Task to carry out >> Of the entries below, copy only those lines that contain the word "from".

Stored data entries >>
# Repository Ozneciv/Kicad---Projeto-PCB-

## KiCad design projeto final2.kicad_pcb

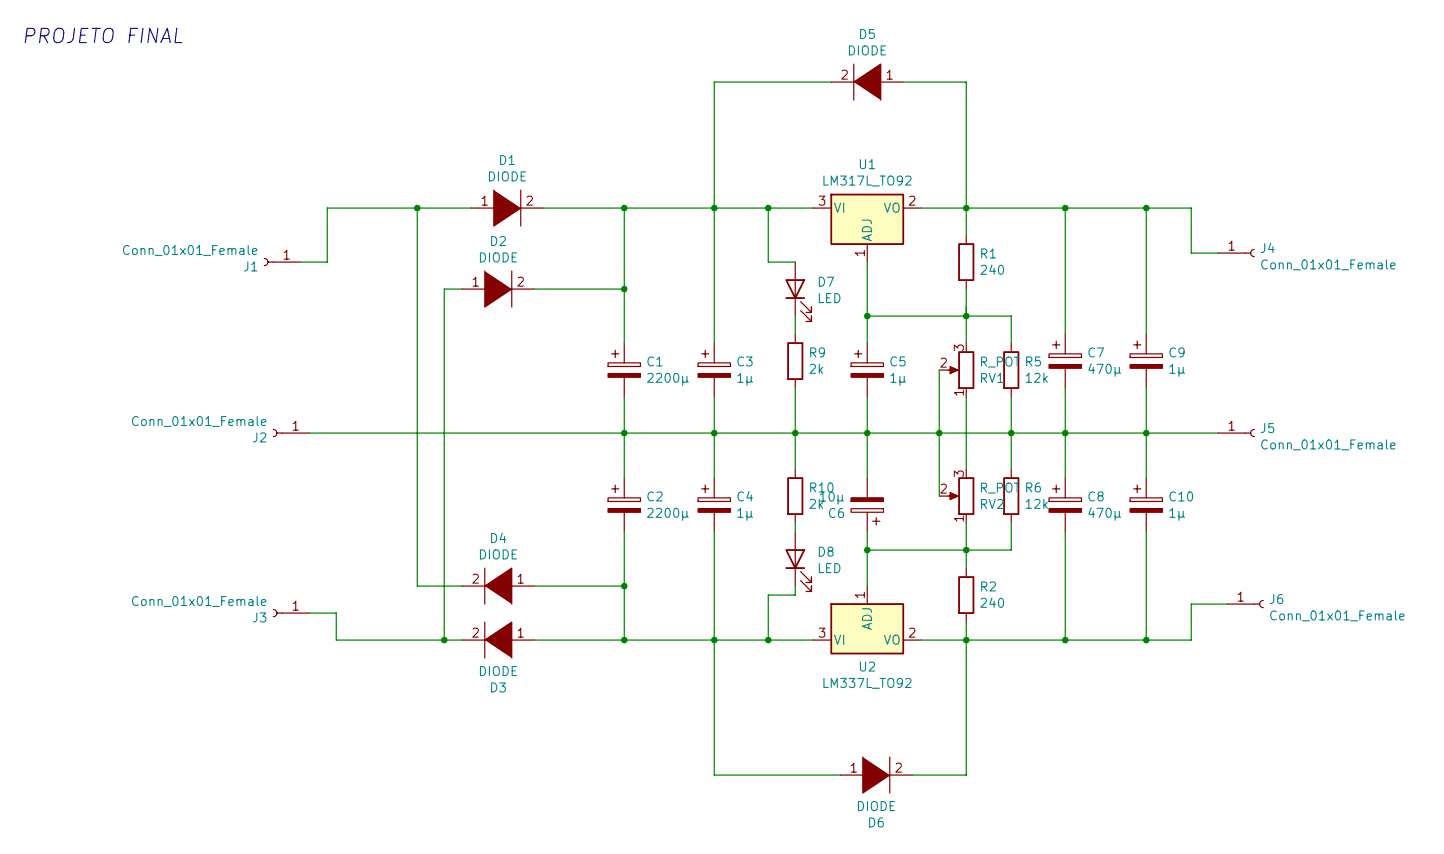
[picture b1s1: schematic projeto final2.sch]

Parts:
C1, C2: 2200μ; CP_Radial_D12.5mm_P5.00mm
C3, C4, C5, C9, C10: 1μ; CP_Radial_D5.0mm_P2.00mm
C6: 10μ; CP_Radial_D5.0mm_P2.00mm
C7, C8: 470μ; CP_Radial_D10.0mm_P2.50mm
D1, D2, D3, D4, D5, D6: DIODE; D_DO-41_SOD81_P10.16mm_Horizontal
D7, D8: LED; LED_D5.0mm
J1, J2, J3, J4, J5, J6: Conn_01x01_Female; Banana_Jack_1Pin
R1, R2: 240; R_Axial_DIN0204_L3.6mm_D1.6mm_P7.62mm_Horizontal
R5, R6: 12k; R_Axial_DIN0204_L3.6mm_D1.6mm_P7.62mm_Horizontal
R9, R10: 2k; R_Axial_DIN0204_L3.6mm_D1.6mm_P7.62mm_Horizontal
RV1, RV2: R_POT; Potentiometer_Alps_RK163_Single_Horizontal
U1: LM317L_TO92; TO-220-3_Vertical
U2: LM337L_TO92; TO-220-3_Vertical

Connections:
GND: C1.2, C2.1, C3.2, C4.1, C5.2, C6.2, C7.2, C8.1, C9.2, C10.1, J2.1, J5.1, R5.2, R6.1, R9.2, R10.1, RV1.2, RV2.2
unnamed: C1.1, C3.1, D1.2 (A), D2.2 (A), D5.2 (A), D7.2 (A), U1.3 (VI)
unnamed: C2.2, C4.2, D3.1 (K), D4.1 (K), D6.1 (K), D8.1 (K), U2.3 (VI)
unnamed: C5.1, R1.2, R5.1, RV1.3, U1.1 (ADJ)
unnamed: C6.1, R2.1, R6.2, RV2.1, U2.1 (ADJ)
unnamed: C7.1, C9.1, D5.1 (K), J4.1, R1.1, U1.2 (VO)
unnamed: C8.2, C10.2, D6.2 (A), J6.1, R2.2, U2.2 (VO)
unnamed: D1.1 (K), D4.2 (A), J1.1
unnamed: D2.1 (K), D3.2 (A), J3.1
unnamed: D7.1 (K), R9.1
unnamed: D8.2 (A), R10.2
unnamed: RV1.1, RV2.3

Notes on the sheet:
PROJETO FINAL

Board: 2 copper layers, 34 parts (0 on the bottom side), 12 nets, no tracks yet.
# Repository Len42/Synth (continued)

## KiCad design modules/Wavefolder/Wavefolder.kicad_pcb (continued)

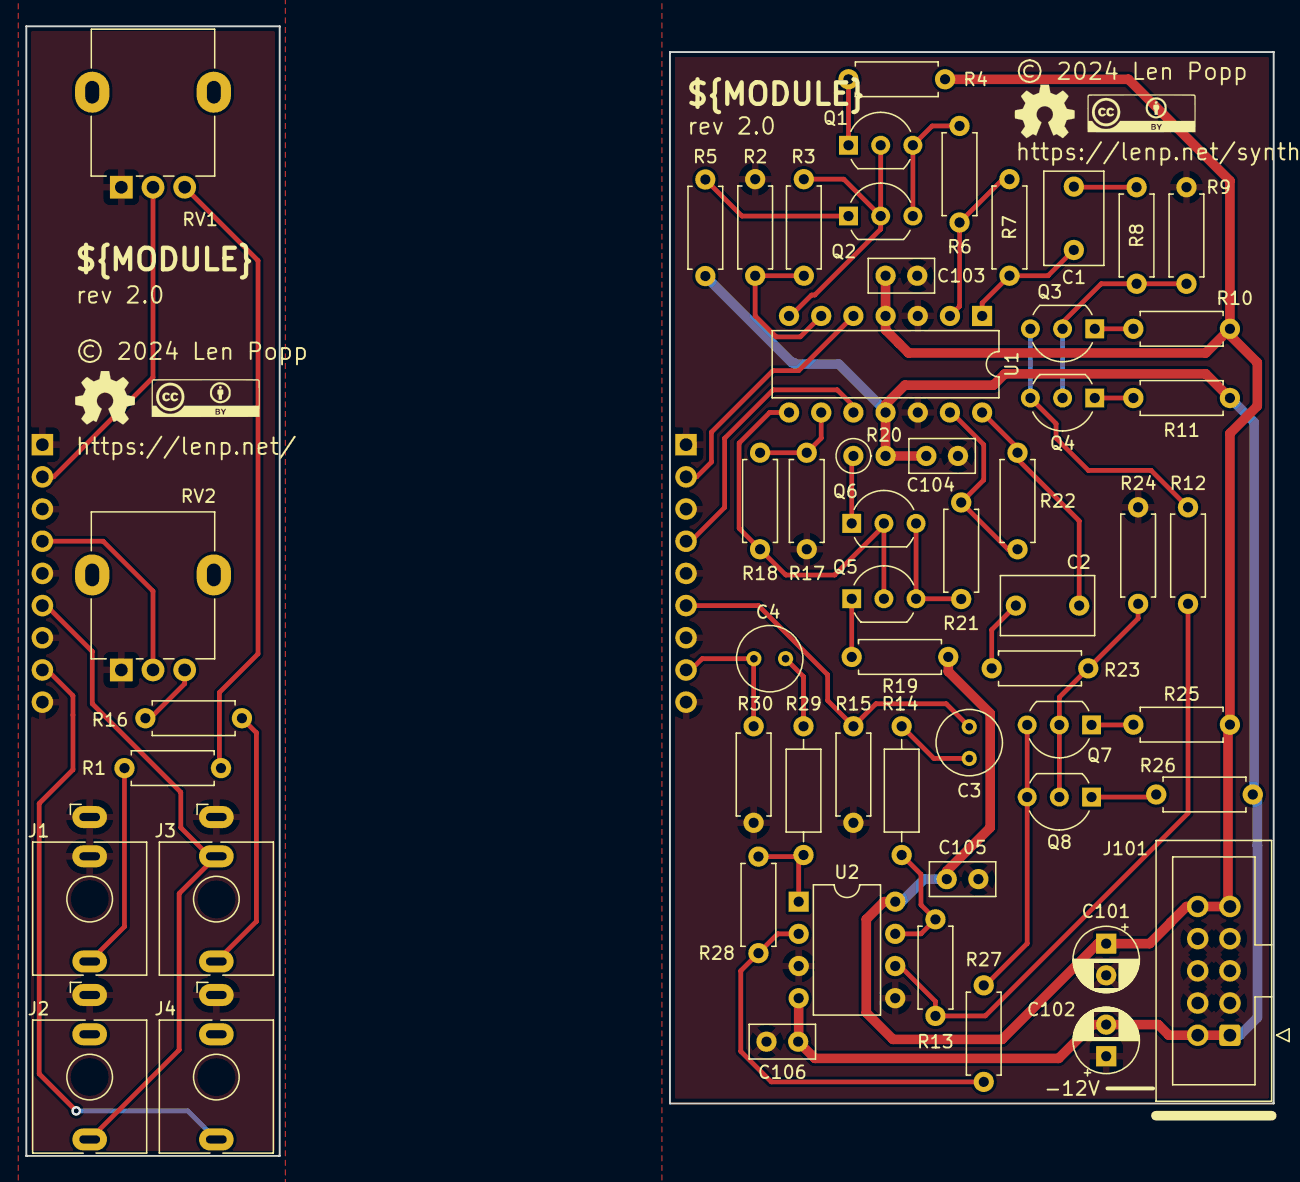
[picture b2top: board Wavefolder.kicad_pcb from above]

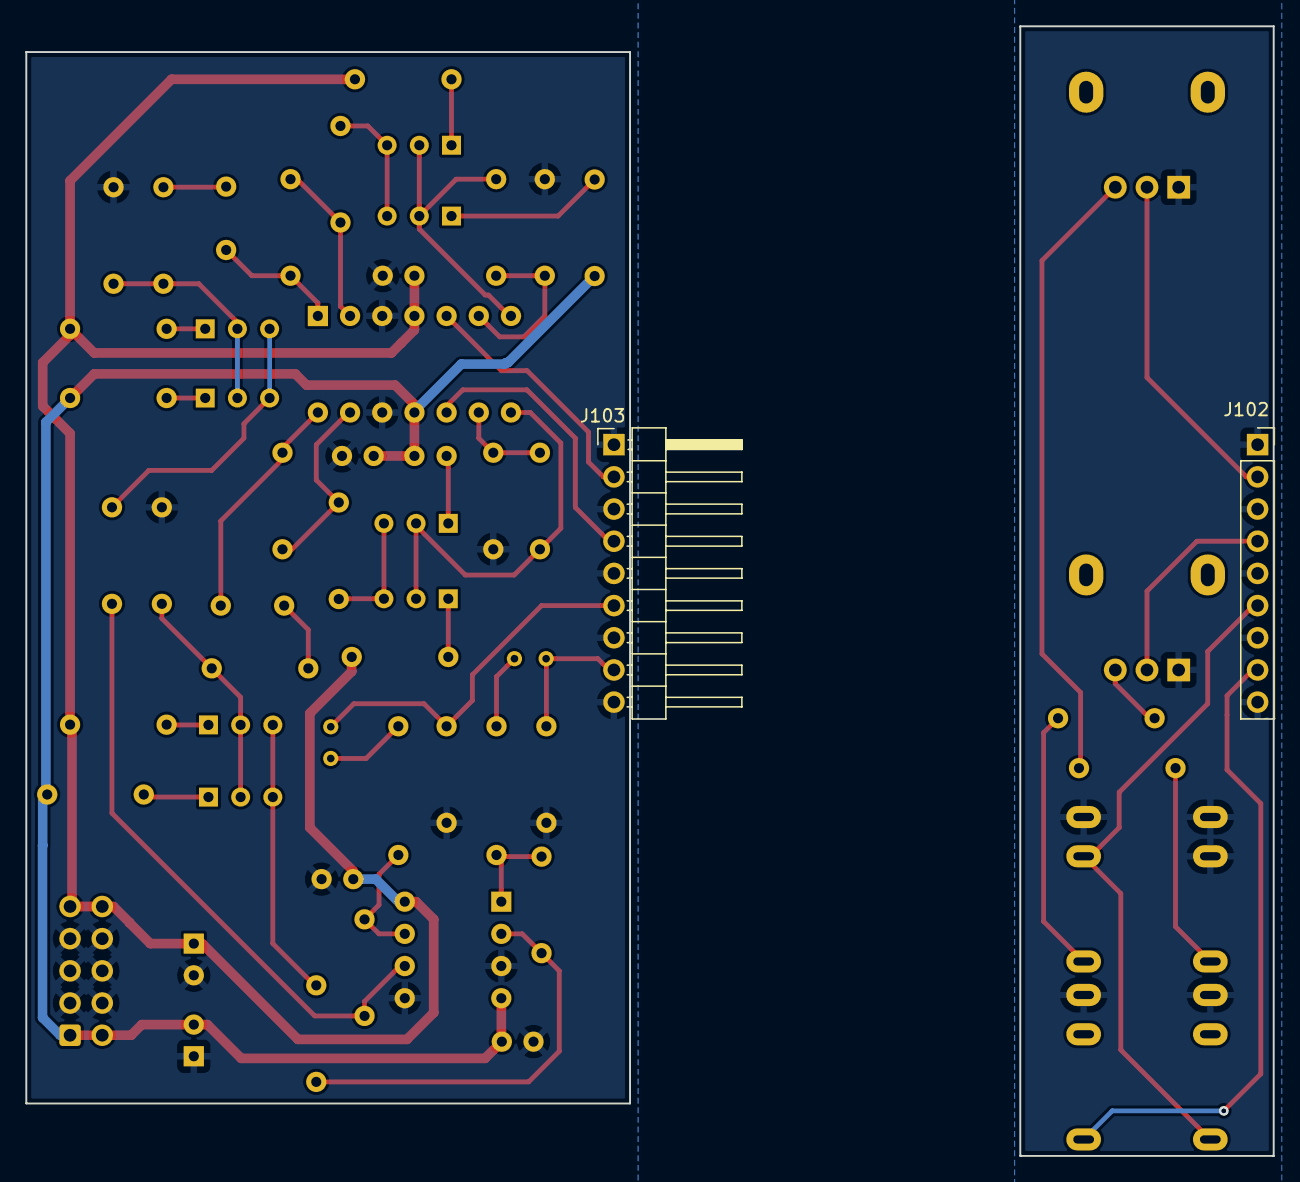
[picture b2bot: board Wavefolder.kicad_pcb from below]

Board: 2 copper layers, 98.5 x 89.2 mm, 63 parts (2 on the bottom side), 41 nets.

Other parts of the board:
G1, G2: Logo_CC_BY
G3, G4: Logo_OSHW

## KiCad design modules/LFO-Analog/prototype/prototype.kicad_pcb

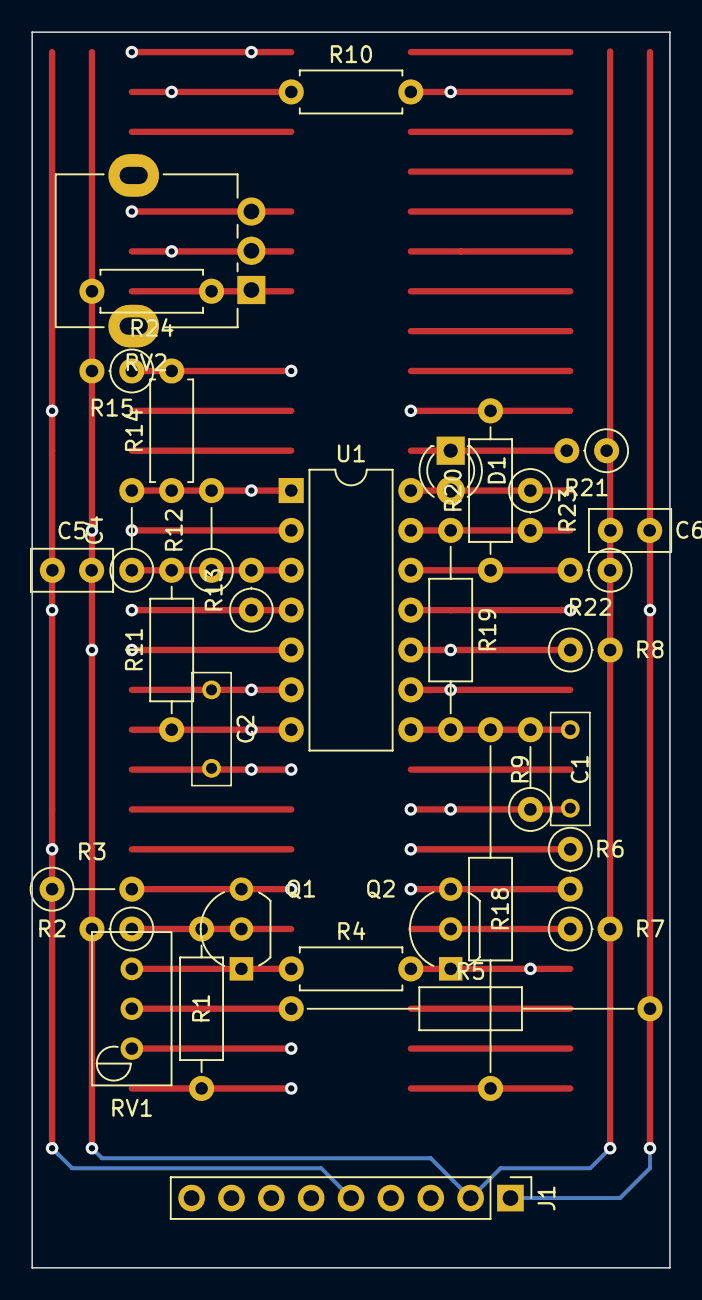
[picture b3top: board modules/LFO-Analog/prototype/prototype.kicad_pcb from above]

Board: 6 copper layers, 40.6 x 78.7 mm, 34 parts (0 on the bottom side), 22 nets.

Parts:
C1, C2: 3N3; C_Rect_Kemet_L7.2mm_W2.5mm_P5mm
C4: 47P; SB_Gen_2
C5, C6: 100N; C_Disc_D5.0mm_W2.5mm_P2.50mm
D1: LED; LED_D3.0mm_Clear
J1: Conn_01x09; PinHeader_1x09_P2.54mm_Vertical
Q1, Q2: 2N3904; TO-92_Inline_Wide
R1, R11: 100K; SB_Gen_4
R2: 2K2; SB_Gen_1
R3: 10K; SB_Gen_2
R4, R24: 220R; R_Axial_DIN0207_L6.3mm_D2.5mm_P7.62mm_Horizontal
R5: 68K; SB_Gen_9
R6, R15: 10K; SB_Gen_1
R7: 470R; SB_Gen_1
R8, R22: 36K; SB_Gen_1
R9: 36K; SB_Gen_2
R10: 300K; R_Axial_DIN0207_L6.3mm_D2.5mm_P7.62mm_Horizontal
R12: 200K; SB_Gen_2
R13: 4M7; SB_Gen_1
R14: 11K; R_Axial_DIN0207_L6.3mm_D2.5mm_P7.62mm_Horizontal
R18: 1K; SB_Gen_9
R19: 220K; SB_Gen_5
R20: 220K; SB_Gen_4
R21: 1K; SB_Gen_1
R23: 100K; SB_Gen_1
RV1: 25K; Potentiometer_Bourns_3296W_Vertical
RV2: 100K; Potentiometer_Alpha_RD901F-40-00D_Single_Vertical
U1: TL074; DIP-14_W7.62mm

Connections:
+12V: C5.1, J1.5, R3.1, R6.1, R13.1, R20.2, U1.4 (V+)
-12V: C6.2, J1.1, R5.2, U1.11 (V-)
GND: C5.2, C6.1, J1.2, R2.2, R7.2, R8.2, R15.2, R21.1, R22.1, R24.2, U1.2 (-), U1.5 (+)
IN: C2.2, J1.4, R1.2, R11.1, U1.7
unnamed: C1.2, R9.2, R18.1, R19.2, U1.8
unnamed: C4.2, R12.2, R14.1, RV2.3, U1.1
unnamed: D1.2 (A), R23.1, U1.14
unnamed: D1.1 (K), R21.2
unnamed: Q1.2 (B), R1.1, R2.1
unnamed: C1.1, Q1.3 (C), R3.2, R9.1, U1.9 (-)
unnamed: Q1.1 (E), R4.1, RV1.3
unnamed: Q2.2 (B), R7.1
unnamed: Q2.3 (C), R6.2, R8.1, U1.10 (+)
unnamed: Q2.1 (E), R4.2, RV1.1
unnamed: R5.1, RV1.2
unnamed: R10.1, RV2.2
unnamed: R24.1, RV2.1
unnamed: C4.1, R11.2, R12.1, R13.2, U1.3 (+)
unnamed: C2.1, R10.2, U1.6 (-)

Reply to the task >>
[picture b2top: board Wavefolder.kicad_pcb from above]
[picture b2bot: board Wavefolder.kicad_pcb from below]
[picture b3top: board modules/LFO-Analog/prototype/prototype.kicad_pcb from above]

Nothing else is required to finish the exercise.